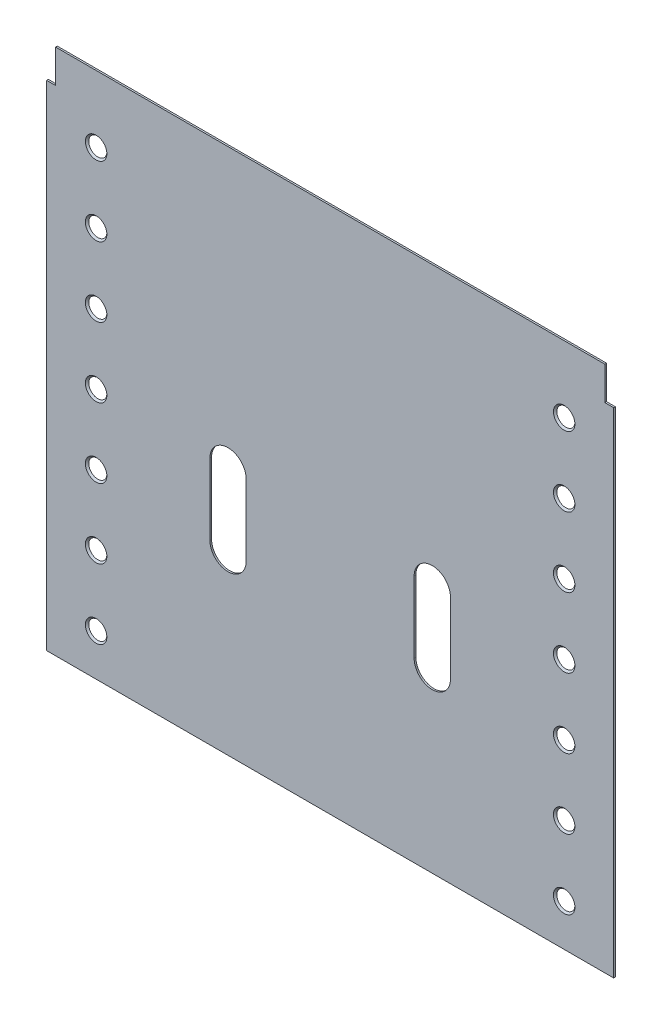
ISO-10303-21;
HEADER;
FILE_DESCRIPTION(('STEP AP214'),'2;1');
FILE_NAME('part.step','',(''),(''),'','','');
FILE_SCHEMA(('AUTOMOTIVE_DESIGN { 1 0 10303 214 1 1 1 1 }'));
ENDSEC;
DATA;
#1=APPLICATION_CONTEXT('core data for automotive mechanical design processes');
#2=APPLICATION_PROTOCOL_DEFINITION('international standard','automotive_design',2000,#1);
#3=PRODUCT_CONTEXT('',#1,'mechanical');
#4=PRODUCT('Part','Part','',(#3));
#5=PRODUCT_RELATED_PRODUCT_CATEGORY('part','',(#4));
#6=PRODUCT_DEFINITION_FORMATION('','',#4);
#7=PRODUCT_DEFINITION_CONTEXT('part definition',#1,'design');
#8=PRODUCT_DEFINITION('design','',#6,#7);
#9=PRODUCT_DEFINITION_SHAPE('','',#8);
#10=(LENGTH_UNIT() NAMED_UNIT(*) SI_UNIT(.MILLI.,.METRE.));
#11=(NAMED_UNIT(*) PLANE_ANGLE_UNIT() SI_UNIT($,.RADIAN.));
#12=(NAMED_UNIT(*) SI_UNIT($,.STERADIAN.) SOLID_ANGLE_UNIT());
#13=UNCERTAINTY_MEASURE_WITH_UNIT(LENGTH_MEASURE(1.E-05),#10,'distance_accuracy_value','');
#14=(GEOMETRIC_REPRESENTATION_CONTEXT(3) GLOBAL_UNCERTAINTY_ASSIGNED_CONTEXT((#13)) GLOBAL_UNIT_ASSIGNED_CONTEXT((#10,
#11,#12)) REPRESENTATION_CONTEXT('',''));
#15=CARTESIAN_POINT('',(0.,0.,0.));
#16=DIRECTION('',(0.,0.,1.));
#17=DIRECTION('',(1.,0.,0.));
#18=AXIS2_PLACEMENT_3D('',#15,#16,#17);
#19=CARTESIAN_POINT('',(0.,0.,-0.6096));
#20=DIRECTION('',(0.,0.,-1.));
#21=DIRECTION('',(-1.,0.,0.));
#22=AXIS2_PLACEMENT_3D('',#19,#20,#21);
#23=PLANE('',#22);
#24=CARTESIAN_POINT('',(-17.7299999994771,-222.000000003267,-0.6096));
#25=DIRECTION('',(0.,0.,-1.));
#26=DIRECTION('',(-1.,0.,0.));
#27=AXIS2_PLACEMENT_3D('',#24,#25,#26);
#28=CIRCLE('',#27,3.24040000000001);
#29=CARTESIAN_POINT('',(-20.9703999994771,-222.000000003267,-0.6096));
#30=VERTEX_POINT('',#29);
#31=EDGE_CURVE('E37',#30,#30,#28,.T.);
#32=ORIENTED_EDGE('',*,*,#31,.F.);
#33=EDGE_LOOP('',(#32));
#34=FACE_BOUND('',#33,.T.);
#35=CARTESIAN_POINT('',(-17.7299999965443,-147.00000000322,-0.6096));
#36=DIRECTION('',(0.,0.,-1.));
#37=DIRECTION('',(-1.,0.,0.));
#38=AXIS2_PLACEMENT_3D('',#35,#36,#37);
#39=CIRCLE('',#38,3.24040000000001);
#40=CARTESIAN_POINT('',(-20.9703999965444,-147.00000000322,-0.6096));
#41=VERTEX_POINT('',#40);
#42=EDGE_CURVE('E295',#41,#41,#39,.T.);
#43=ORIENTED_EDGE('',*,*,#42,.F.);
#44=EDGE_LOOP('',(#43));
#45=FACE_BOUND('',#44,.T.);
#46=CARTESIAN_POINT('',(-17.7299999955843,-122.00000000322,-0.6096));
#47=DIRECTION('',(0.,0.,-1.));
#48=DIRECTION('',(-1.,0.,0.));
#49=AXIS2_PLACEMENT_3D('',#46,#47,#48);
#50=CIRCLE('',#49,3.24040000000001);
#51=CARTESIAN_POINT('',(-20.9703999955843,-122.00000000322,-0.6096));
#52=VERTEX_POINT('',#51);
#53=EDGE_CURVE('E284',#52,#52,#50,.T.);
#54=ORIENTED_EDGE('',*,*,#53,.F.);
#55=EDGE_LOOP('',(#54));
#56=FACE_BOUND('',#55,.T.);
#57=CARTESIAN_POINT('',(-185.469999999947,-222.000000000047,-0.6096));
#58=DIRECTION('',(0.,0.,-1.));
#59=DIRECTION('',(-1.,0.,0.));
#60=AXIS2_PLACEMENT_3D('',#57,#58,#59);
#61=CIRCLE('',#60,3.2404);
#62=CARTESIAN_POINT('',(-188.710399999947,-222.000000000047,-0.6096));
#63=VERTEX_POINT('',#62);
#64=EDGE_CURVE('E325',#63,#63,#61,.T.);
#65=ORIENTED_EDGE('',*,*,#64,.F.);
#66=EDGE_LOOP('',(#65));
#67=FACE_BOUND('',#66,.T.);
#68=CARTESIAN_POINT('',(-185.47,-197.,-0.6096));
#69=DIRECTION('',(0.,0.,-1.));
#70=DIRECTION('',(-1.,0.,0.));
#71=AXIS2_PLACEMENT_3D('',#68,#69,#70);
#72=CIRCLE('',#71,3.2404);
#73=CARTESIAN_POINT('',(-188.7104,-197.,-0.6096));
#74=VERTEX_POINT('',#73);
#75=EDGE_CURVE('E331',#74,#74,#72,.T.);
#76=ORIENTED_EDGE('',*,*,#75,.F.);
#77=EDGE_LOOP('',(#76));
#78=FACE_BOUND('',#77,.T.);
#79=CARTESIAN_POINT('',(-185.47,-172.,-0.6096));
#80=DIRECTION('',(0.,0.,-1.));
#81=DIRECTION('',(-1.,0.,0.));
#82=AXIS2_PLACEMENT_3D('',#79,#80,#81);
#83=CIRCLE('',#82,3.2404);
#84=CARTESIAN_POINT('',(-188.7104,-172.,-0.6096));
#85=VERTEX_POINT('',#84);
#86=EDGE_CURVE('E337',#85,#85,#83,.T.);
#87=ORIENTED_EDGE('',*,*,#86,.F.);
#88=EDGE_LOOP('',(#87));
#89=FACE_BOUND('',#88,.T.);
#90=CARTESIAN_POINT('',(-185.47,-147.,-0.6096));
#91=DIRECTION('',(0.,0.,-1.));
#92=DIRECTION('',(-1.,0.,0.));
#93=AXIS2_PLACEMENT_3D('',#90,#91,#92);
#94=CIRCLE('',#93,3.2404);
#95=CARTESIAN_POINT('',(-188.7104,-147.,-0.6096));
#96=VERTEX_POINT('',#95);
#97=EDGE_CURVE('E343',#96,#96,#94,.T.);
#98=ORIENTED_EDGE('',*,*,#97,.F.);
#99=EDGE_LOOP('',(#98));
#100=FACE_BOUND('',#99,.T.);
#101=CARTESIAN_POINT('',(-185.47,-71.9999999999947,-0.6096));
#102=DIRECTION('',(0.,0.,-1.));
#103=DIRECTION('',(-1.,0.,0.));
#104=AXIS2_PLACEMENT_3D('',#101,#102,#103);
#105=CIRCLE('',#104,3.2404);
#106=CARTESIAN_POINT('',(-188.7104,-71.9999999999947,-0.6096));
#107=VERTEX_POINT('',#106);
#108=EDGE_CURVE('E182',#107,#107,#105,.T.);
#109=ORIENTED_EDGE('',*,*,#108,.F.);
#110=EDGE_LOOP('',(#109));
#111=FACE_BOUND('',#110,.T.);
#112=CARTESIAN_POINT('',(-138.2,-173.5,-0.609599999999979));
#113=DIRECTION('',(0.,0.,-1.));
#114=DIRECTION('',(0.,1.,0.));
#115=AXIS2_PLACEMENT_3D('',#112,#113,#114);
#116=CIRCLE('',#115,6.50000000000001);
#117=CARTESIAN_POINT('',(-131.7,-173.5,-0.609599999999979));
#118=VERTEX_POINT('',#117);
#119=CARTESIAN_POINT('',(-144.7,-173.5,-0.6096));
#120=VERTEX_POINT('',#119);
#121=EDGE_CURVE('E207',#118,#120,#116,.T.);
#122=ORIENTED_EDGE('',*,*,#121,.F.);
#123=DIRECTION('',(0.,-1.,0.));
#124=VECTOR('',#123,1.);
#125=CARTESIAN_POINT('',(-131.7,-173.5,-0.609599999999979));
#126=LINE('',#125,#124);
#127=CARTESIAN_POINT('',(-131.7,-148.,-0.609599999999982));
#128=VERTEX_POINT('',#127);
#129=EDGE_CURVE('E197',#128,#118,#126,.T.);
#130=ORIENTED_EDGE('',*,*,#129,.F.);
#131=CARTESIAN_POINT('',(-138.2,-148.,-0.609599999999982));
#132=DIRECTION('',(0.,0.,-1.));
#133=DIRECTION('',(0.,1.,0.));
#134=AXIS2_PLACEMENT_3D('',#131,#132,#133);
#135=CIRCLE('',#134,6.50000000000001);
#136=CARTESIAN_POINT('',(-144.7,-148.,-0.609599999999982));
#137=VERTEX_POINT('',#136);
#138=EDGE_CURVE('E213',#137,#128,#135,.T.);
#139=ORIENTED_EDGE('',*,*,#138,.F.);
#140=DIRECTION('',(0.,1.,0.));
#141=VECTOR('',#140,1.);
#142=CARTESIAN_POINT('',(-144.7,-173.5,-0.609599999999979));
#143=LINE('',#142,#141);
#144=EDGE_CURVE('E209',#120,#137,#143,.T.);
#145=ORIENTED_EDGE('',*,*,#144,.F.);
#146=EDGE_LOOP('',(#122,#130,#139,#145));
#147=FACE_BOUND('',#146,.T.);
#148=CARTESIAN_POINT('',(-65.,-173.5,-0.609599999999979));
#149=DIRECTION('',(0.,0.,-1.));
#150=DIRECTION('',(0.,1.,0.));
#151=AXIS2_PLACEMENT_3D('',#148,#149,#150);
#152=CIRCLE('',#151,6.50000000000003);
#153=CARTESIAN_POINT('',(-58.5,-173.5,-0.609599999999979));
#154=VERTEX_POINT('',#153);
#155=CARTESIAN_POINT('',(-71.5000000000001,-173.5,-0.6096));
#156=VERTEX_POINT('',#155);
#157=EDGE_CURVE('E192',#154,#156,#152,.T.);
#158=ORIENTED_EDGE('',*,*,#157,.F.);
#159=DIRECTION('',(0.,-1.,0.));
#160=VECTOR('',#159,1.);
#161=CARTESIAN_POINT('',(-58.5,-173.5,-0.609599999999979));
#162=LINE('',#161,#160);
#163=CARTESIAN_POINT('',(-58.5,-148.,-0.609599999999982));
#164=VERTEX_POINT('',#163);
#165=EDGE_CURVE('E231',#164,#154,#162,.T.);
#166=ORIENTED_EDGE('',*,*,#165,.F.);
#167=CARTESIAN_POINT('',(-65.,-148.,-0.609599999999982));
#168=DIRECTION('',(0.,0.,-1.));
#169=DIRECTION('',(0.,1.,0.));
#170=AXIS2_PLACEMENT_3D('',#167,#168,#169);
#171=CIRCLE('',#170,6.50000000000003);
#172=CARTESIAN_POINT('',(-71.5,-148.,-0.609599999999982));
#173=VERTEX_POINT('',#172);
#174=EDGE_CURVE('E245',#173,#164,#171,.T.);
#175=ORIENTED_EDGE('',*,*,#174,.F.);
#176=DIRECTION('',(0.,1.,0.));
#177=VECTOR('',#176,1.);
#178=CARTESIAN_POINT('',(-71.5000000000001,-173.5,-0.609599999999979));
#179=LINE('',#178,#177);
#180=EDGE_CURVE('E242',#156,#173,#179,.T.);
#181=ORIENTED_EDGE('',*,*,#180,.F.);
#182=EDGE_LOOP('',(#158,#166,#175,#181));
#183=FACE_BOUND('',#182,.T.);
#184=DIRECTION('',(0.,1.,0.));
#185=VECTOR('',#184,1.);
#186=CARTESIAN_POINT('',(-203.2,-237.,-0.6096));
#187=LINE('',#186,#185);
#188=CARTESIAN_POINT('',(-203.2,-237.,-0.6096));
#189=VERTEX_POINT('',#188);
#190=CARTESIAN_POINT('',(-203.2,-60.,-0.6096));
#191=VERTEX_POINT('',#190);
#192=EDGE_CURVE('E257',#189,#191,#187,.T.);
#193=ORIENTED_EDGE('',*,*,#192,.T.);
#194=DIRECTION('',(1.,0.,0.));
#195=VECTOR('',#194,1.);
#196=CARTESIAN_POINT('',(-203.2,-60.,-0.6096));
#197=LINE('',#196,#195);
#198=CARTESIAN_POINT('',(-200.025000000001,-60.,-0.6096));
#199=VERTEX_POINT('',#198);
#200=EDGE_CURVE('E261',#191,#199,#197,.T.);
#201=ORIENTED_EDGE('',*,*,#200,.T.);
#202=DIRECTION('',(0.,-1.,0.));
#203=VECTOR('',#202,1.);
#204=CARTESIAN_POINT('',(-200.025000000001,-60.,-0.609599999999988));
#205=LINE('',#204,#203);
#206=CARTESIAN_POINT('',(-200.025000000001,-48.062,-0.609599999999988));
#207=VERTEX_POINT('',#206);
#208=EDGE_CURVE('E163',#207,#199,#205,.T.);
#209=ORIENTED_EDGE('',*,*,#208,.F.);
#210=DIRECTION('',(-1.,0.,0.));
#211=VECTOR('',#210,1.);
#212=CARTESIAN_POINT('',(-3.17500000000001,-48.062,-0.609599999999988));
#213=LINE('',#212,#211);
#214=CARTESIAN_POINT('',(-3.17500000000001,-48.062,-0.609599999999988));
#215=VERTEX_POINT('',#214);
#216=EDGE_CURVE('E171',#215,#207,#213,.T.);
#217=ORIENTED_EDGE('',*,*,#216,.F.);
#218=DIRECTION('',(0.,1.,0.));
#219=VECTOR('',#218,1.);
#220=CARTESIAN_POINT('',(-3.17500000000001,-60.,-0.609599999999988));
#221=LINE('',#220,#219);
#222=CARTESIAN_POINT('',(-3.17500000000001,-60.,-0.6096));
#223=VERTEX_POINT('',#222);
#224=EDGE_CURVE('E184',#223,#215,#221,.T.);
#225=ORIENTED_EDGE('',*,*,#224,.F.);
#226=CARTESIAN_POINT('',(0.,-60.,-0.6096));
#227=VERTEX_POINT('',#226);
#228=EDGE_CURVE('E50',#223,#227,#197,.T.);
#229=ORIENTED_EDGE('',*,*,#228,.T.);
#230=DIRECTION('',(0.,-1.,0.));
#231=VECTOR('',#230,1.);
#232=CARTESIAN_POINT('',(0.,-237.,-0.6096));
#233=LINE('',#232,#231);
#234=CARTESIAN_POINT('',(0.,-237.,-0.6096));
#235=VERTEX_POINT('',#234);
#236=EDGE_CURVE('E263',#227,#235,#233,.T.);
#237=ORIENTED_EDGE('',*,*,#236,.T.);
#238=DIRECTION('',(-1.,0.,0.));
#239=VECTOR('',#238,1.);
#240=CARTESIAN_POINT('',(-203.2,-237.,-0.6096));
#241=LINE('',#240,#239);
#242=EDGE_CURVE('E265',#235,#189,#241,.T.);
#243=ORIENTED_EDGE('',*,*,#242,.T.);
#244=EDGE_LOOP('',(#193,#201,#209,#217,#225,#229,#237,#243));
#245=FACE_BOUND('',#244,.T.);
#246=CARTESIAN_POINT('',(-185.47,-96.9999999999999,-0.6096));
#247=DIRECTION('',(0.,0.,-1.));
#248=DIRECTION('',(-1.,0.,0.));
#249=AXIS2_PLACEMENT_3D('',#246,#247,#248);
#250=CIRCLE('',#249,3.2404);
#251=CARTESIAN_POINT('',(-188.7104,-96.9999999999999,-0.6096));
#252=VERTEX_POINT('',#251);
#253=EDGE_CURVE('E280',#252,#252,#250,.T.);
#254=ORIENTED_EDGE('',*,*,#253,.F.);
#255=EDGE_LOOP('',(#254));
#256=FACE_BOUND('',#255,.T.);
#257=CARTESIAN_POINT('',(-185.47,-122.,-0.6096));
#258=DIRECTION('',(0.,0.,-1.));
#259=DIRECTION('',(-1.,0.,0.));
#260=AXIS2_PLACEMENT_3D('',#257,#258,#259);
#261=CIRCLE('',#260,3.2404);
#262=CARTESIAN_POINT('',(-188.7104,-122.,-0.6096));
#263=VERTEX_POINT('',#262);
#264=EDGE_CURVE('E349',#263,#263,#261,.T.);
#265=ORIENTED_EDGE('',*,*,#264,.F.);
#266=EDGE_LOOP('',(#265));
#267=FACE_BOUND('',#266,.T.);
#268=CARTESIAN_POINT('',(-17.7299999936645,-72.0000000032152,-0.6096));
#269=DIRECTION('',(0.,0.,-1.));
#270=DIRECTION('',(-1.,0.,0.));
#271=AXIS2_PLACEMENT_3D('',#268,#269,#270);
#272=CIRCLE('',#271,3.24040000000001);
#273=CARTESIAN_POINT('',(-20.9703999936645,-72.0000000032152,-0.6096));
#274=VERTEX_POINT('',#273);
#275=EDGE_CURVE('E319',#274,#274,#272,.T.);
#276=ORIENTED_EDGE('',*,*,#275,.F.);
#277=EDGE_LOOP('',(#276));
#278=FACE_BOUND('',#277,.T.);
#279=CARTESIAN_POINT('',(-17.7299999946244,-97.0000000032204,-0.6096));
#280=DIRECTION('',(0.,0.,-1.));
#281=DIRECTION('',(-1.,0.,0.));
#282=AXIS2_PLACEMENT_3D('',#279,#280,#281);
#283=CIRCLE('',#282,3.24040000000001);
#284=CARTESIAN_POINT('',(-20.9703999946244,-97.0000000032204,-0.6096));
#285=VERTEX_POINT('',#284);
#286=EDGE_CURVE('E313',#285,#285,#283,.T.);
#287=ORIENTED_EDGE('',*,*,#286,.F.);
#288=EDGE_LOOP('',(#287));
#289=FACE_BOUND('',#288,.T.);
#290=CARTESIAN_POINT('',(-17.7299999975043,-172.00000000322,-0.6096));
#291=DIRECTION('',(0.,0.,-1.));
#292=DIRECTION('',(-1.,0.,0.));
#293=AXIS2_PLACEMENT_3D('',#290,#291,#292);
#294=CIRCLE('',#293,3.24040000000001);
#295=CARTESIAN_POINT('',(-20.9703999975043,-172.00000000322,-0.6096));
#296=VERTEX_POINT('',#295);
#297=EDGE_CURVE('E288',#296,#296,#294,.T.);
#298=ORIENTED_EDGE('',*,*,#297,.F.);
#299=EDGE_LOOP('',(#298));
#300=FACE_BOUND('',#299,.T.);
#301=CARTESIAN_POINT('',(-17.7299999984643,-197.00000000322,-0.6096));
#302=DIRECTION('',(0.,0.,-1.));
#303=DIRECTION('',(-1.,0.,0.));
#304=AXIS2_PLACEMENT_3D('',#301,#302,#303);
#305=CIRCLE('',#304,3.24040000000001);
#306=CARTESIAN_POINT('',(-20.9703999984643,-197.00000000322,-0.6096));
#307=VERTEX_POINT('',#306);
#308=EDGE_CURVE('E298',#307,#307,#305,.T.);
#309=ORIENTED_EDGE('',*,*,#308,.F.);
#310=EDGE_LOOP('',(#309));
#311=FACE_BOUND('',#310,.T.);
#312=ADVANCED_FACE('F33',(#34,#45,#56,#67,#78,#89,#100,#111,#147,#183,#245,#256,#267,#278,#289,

^^^^^^^^^^^^^^^^

> Required work:
Beginning with the line above that contains "#221=LINE('',#220,#219);", copy each line exactly up to and including the line that contains "#230=DIRECTION('',(0.,-1.,0.));", and go no further.

> Completed task:
#221=LINE('',#220,#219);
#222=CARTESIAN_POINT('',(-3.17500000000001,-60.,-0.6096));
#223=VERTEX_POINT('',#222);
#224=EDGE_CURVE('E184',#223,#215,#221,.T.);
#225=ORIENTED_EDGE('',*,*,#224,.F.);
#226=CARTESIAN_POINT('',(0.,-60.,-0.6096));
#227=VERTEX_POINT('',#226);
#228=EDGE_CURVE('E50',#223,#227,#197,.T.);
#229=ORIENTED_EDGE('',*,*,#228,.T.);
#230=DIRECTION('',(0.,-1.,0.));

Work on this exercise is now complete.